L’imputato veniva rinviato a giudizio, processato e condannato per il reato di truffa aggravata perché, nella sua qualità di medico dipendente della ASL di Brindisi, con artifici e raggiri consistiti nell’aver fatto marcare il proprio badge nell’orologio segnatempo ad altre persone, si era allontanato senza giustificazione dal luogo di lavoro conseguendo così un ingiusto profitto.La Corte di appello di Lecce confermava la condanna rideterminando la pena da tre in anni due di reclusione  e 900 euro di multa e confermava nel resto la sentenza.

Propone ricorso per Cassazione l’imputato  che , in una carambola di cinque motivi,  diagnostica  il male oscuro della sentenza impugnata: 1.  violazione di legge  quanto alla mancata applicazione della causa di non punibilità prevista dall’art. 131-bis c.p.;  2.  violazione di legge e vizio di motivazione di quanto emerso nel corso del dibattimento stante la mancanza della prova effettiva dell’assenza del medico dal nosocomio ; 3.  violazione di legge e vizio di motivazione quanto al mancato riconoscimento della irrilevanza penale del fatto; 4.  violazione di legge e vizio di motivazione quanto  al mancato riconoscimento delle circostanze attenuanti generiche ed a quella di cui all’art. 62 n. 4 c.p. ed alla sospensione condizionale della pena; 5. violazione di legge  quanto al trattamento sanzionatorio in relazione all’art. 133 c.p.

E non resiste alla tentazione di condurre la reiterazione degli episodi riscontrati in giudizio  nella “continuazione” che, precisa,  non può precludere l’applicazione della “non punibilità” per “particolare tenuità del fatto”.

Il rigetto del ricorso frantuma in  un attimo  il chiasmo di enunciati.

La Suprema Corte riconsegna un giudizio convincente e oppone, all’ inattendibile rappresentazione, dati certi.
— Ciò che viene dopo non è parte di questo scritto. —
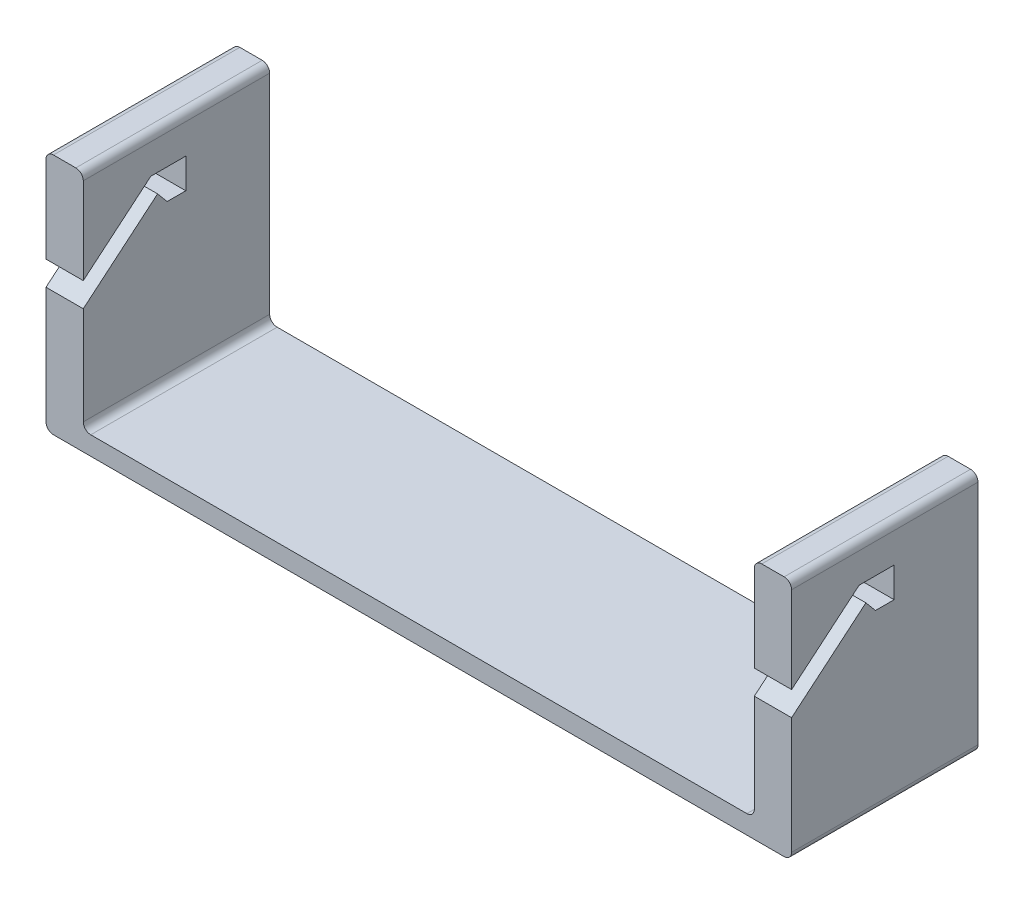
SolidWorks part; units mm, degrees
ref_plane "Front Plane" through (0, 0, 0) normal (0, 0, 1) x (1, 0, 0)
ref_plane "Top Plane" through (0, 0, 0) normal (0, 1, 0) x (1, 0, 0)
ref_plane "Right Plane" through (0, 0, 0) normal (1, 0, 0) x (0, 0, -1)
sketch "Sketch1" plane through (0, 0, 0) normal (0, 1, 0) x (1, 0, 0)
  line L1 (100, -25) -> (-100, -25)
  line L2 (100, -25) -> (100, 25)
  line L3 (100, 25) -> (-100, 25)
  line L4 (-100, -25) -> (-100, 25)
  line L5 (100, -25) -> (-100, 25) construction
  line L6 (100, 25) -> (-100, -25) construction
  point P0 (0, 0)
  dimension "D1" = 200
  dimension "D2" = 50
extrude "Boss-Extrude1" add sketch "Sketch1" along normal blind 5
sketch "Sketch2" plane through (-100, 0, 0) normal (-1, 0, 0) x (0, 0, 1)
  line L0 (25, 5) -> (25, 65)
  line L1 (25, 65) -> (-25, 65)
  line L2 (-25, 65) -> (-25, 5)
  line L3 (-25, 5) -> (25, 5)
  point P3 (0, 65)
  dimension "D1" = 60
  dimension "D2" = 50
extrude "Boss-Extrude2" add sketch "Sketch2" against normal blind 10
sketch "Sketch3" plane through (-100, 0, 0) normal (-1, 0, 0) x (0, 0, 1)
  line L0 (25, 39.8047) -> (6.891, 55)
  line L1 (25, 0) -> (25, 65) construction
  line L2 (6.891, 55) -> (-2.5, 55)
  line L3 (-2.5, 55) -> (-2.5, 46.9358)
  line L4 (-2.5, 46.9358) -> (2.5, 46.9358)
  line L5 (2.5, 46.9358) -> (5.0712, 50)
  line L6 (5.0712, 50) -> (25, 33.2777)
  line L7 (25, 33.2777) -> (25, 39.8047)
  line L8 (25, 65) -> (25, 0) construction
  line L9 (-25, 0) -> (25, 0) construction
  point P13 (0, 46.9358)
  dimension "D1" = 5
  dimension "D2" = 5
  dimension "D3" = 5
  dimension "D4" = 40
  dimension "D5" = 55
  dimension "D6" = 4
extrude "Cut-Extrude1" cut sketch "Sketch3" against normal through all both
mirror "Mirror1" about plane through (0, 0, 0) normal (1, 0, 0) of "Cut-Extrude1", "Boss-Extrude2"
fillet "Fillet1" radius 2 8 edges at (-100, 0, 0) (100, 0, 0) (90, 65, 0) (100, 65, 0) (-100, 65, 0) (-90, 65, 0) (-90, 5, 0) (90, 5, 0)

Il giudice territoriale “ha correttamente escluso  che alla condotta possa applicarsi la causa di esclusione della punibilita’ di cui all’art. 131-bis cod. pen.  per il quale la punibilita puo’ essere esclusa solo se l’offesa e’ di particolare tenuita ed il comportamento risulta non abituale”. Il terzo comma dello stesso articolo, poi,  precisa   cosa debba intendersi per comportamento abituale, cioe’, per quello che riguarda il caso di specie, “…piu’ reati della stessa indole, anche se ciascun fatto, isolatamente considerato, sia di particolare tenuita’, nonche’ nel caso in cui si tratti di reati che abbiano ad oggetto condotte plurime, abituali e reiterate”.

In queste ipotesi, continua la sentenza della Suprema  Corte, nelle quali il soggetto evidenzia una sostanziale consuetudine a porre in essere comportamenti illeciti, il fatto non puo’ ritenersi tenue e la punibilita’ non puo’ essere esclusa.

Di qui la necessità di evidenziare  che l’abitualità, d’altro canto, come di contro in qualche modo prospettato in ricorso dall’imputato, non coincide con l’istituto della continuazione e con questo non può essere confusa.

Ovviamente  risulta corretta la formazione del convincimento dei singoli giudici di merito: nel caso di specie, la Corte territoriale, con motivazione insindacabile, ha evidenziato che il medico aveva posto in essere un modus operandi “abituale” che costituiva un vero e proprio stile di vita.